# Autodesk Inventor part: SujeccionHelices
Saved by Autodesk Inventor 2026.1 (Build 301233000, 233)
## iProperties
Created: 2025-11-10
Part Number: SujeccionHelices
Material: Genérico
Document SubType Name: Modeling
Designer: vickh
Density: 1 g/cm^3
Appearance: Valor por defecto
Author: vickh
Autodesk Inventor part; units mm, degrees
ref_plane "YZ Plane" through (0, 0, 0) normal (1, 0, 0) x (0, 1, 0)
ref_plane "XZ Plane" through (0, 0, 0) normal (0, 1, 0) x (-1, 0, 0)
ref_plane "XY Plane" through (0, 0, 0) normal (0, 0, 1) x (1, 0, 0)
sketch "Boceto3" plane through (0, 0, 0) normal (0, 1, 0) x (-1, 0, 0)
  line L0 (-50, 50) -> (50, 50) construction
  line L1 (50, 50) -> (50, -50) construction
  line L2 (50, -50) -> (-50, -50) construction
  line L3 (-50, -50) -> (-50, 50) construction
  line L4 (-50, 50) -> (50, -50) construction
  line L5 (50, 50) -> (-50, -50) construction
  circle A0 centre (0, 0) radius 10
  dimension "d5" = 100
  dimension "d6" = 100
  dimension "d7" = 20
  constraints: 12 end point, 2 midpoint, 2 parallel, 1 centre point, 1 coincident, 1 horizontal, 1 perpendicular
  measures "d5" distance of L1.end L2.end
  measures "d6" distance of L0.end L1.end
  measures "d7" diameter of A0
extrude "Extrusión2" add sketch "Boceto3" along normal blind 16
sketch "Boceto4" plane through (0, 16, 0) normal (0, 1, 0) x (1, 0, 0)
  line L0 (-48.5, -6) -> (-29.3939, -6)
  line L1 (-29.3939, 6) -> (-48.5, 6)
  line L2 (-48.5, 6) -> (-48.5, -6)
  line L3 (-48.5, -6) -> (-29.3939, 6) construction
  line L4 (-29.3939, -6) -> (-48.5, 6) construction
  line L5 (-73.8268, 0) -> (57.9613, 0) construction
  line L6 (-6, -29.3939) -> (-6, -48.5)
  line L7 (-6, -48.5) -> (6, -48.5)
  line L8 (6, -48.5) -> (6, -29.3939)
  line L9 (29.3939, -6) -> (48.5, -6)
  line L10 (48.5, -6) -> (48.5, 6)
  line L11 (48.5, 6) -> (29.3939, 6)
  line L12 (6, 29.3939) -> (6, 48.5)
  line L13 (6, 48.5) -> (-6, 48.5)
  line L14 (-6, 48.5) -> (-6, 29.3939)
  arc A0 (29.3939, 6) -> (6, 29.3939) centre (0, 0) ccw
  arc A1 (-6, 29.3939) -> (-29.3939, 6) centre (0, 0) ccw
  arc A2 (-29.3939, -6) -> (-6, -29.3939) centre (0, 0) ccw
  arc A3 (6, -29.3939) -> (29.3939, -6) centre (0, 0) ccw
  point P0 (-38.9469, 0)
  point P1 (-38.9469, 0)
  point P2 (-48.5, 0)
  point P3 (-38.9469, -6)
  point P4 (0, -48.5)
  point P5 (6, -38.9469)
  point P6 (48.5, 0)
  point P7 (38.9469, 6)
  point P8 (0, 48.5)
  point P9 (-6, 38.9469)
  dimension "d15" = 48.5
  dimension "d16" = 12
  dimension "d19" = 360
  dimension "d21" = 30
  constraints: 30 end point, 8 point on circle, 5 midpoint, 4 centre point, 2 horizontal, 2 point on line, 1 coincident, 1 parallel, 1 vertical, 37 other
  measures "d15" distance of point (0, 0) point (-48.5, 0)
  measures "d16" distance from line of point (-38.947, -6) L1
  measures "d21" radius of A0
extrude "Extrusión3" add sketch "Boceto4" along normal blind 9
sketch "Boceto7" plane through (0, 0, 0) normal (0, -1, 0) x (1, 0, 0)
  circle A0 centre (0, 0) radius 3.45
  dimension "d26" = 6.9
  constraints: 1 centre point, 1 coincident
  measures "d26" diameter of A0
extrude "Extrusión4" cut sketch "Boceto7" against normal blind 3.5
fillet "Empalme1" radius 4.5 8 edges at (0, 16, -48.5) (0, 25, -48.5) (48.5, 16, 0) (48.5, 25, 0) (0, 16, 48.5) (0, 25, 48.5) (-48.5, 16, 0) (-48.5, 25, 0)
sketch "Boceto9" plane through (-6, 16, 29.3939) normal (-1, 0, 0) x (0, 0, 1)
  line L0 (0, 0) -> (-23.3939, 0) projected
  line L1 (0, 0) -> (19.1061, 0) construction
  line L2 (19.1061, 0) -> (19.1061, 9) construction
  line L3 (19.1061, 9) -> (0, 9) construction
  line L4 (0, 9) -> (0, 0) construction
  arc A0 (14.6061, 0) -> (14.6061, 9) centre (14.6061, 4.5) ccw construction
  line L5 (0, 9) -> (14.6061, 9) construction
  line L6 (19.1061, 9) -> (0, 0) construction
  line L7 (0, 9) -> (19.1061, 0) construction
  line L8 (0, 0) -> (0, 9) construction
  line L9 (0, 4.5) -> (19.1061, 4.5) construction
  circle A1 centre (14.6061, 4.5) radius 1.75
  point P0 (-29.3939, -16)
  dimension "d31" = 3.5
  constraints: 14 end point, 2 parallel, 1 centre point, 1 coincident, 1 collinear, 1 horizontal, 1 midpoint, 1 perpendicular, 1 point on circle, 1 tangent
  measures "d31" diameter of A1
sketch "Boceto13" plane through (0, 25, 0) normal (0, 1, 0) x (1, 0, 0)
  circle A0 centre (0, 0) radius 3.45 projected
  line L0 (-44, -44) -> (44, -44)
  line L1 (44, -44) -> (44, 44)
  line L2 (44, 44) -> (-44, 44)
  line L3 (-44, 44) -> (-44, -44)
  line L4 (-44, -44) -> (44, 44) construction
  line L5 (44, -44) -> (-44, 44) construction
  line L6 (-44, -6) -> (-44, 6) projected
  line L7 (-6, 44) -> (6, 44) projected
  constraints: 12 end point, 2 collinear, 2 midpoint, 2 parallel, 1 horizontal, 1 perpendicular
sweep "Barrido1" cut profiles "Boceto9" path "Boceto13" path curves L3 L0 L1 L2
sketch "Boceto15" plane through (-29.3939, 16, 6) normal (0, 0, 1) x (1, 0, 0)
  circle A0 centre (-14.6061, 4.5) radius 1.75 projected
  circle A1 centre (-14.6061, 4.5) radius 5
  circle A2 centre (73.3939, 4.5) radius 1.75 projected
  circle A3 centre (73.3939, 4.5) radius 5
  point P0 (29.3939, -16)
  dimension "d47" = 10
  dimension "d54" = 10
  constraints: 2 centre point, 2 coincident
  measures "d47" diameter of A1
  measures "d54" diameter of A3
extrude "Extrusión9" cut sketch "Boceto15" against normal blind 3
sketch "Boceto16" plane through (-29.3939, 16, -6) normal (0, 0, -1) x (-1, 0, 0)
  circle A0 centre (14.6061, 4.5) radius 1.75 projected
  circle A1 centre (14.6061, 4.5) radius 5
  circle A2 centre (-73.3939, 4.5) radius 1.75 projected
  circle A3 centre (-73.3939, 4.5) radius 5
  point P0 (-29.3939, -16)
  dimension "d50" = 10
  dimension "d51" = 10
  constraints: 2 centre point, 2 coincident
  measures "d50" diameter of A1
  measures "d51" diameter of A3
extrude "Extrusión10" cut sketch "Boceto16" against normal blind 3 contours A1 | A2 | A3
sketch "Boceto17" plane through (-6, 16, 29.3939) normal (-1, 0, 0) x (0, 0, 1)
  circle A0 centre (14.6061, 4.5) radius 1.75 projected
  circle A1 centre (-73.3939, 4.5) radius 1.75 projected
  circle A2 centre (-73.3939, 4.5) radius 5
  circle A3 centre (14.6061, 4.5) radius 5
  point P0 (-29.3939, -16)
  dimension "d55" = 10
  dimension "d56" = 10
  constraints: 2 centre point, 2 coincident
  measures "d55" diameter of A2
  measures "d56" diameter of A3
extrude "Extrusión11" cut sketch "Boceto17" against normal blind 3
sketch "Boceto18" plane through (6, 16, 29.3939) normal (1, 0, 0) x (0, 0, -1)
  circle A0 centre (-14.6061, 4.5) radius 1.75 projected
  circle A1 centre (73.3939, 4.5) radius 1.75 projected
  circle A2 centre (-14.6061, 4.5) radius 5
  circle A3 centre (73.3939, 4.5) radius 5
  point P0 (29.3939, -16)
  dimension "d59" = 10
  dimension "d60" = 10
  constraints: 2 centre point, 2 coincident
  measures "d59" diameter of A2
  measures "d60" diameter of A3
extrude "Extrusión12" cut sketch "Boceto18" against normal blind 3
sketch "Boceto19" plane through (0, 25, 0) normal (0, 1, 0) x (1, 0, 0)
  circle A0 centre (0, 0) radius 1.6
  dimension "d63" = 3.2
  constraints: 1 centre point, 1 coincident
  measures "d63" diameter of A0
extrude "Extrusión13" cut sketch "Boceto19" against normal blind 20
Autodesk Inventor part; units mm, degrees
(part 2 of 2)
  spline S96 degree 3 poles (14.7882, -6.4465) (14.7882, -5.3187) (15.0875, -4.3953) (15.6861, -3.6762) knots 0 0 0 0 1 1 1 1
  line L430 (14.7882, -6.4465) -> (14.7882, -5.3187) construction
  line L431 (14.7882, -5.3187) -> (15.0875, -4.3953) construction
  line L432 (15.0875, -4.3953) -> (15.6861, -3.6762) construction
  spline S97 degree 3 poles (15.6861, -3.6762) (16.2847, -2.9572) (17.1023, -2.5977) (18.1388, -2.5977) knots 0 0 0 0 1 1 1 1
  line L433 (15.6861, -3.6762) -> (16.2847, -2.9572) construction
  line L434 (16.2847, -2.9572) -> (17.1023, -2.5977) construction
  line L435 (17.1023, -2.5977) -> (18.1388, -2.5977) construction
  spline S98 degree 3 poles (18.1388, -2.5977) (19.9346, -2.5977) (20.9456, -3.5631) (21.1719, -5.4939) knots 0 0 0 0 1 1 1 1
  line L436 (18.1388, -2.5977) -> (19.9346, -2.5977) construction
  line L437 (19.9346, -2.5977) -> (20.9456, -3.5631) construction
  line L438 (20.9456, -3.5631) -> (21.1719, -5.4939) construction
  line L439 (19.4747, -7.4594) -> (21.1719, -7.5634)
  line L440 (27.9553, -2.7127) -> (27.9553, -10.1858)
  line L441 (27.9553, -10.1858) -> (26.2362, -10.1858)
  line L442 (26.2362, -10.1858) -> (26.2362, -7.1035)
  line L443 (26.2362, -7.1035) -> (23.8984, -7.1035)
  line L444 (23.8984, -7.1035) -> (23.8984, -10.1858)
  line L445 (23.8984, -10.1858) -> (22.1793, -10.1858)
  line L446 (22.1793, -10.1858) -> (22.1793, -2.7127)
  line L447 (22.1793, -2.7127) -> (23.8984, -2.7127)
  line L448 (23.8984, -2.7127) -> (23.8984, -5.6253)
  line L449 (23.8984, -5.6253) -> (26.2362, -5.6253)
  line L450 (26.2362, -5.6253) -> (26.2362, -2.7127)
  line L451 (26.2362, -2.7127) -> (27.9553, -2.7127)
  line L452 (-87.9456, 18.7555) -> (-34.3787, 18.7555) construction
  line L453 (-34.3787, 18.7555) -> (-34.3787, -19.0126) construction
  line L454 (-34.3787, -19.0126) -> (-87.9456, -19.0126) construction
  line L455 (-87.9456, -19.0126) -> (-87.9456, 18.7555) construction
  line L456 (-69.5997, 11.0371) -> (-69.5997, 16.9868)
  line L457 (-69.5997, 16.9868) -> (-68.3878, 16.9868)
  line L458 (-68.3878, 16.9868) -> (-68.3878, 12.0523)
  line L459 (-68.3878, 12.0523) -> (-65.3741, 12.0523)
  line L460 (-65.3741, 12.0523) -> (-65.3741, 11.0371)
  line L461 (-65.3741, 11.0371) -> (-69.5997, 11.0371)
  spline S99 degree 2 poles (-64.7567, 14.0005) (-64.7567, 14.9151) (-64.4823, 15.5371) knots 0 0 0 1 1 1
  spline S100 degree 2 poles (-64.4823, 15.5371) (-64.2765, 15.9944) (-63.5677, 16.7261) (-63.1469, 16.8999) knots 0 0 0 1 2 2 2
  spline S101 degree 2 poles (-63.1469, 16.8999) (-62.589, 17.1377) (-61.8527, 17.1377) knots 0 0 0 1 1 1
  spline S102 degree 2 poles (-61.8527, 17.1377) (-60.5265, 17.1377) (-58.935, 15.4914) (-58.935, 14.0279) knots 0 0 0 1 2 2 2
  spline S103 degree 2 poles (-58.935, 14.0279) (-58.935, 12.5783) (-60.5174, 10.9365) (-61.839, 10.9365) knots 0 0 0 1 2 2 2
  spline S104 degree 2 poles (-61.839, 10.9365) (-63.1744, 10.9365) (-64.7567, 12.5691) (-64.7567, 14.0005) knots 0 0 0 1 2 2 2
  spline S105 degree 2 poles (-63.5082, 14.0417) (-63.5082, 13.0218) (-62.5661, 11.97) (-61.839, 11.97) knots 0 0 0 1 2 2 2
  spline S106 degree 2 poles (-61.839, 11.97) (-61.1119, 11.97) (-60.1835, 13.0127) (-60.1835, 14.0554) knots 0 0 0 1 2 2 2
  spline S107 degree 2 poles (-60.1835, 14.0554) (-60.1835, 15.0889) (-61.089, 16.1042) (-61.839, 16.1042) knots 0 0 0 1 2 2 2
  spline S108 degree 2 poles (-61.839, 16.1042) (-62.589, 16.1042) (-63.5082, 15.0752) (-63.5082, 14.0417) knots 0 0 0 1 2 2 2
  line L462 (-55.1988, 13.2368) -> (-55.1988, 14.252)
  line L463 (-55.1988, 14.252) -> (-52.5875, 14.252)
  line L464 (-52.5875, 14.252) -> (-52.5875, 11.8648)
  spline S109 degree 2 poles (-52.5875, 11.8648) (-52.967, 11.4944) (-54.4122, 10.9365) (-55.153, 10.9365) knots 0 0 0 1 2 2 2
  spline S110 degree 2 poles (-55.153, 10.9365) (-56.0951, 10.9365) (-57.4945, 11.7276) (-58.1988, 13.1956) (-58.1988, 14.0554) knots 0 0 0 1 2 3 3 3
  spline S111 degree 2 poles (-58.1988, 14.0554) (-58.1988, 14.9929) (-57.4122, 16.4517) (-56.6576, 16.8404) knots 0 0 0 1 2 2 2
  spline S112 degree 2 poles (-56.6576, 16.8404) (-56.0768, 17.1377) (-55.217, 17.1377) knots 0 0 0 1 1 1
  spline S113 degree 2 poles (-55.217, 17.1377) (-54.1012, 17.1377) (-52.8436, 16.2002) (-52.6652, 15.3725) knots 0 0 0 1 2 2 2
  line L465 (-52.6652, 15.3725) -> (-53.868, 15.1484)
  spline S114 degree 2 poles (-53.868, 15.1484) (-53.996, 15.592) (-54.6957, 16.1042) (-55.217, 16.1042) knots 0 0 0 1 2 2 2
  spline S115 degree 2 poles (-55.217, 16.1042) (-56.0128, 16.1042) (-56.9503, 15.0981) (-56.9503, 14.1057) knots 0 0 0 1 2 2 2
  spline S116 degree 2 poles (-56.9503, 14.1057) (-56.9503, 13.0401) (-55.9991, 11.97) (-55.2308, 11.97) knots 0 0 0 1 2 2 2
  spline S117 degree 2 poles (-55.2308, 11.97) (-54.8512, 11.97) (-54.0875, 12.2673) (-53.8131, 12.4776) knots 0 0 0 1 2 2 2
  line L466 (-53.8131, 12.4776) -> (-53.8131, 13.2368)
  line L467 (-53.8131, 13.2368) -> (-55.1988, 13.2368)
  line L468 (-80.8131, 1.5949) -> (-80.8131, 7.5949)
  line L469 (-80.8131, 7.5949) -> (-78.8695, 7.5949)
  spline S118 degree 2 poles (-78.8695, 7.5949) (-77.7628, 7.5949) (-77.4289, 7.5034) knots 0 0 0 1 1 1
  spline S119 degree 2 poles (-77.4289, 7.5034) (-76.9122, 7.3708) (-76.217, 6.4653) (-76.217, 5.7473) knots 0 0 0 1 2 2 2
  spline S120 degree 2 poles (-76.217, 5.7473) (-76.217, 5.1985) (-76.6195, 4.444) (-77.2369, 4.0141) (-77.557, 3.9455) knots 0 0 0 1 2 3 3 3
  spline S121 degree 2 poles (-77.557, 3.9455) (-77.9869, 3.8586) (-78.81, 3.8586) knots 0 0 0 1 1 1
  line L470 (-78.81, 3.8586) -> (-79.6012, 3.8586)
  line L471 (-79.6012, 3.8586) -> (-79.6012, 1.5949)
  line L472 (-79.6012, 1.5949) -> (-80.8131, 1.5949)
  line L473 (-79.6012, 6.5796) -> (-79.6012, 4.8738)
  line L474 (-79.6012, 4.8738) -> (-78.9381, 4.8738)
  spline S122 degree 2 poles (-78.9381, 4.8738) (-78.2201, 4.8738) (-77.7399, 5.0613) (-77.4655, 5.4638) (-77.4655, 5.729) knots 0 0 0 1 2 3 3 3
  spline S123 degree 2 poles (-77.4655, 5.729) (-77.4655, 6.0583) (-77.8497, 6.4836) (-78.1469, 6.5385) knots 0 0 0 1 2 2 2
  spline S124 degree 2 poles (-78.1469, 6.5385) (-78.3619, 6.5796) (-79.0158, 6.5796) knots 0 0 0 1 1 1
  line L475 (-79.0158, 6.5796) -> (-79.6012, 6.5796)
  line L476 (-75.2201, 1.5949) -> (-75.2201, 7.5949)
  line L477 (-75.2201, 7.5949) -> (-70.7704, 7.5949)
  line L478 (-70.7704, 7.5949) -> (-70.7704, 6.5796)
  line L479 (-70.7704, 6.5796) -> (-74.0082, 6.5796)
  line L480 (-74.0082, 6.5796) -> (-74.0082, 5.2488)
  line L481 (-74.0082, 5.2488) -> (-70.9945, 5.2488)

——————

(WORK REQUIRED) Taking the entries above, print exactly the lines starting at the line with "line L456 (-69.5997, 11.0371)" and ending at the line with "line L464 (-52.5875, 14.252)", both included.

(RESPONSE TO THIS TASK)
  line L456 (-69.5997, 11.0371) -> (-69.5997, 16.9868)
  line L457 (-69.5997, 16.9868) -> (-68.3878, 16.9868)
  line L458 (-68.3878, 16.9868) -> (-68.3878, 12.0523)
  line L459 (-68.3878, 12.0523) -> (-65.3741, 12.0523)
  line L460 (-65.3741, 12.0523) -> (-65.3741, 11.0371)
  line L461 (-65.3741, 11.0371) -> (-69.5997, 11.0371)
  spline S99 degree 2 poles (-64.7567, 14.0005) (-64.7567, 14.9151) (-64.4823, 15.5371) knots 0 0 0 1 1 1
  spline S100 degree 2 poles (-64.4823, 15.5371) (-64.2765, 15.9944) (-63.5677, 16.7261) (-63.1469, 16.8999) knots 0 0 0 1 2 2 2
  spline S101 degree 2 poles (-63.1469, 16.8999) (-62.589, 17.1377) (-61.8527, 17.1377) knots 0 0 0 1 1 1
  spline S102 degree 2 poles (-61.8527, 17.1377) (-60.5265, 17.1377) (-58.935, 15.4914) (-58.935, 14.0279) knots 0 0 0 1 2 2 2
  spline S103 degree 2 poles (-58.935, 14.0279) (-58.935, 12.5783) (-60.5174, 10.9365) (-61.839, 10.9365) knots 0 0 0 1 2 2 2
  spline S104 degree 2 poles (-61.839, 10.9365) (-63.1744, 10.9365) (-64.7567, 12.5691) (-64.7567, 14.0005) knots 0 0 0 1 2 2 2
  spline S105 degree 2 poles (-63.5082, 14.0417) (-63.5082, 13.0218) (-62.5661, 11.97) (-61.839, 11.97) knots 0 0 0 1 2 2 2
  spline S106 degree 2 poles (-61.839, 11.97) (-61.1119, 11.97) (-60.1835, 13.0127) (-60.1835, 14.0554) knots 0 0 0 1 2 2 2
  spline S107 degree 2 poles (-60.1835, 14.0554) (-60.1835, 15.0889) (-61.089, 16.1042) (-61.839, 16.1042) knots 0 0 0 1 2 2 2
  spline S108 degree 2 poles (-61.839, 16.1042) (-62.589, 16.1042) (-63.5082, 15.0752) (-63.5082, 14.0417) knots 0 0 0 1 2 2 2
  line L462 (-55.1988, 13.2368) -> (-55.1988, 14.252)
  line L463 (-55.1988, 14.252) -> (-52.5875, 14.252)
  line L464 (-52.5875, 14.252) -> (-52.5875, 11.8648)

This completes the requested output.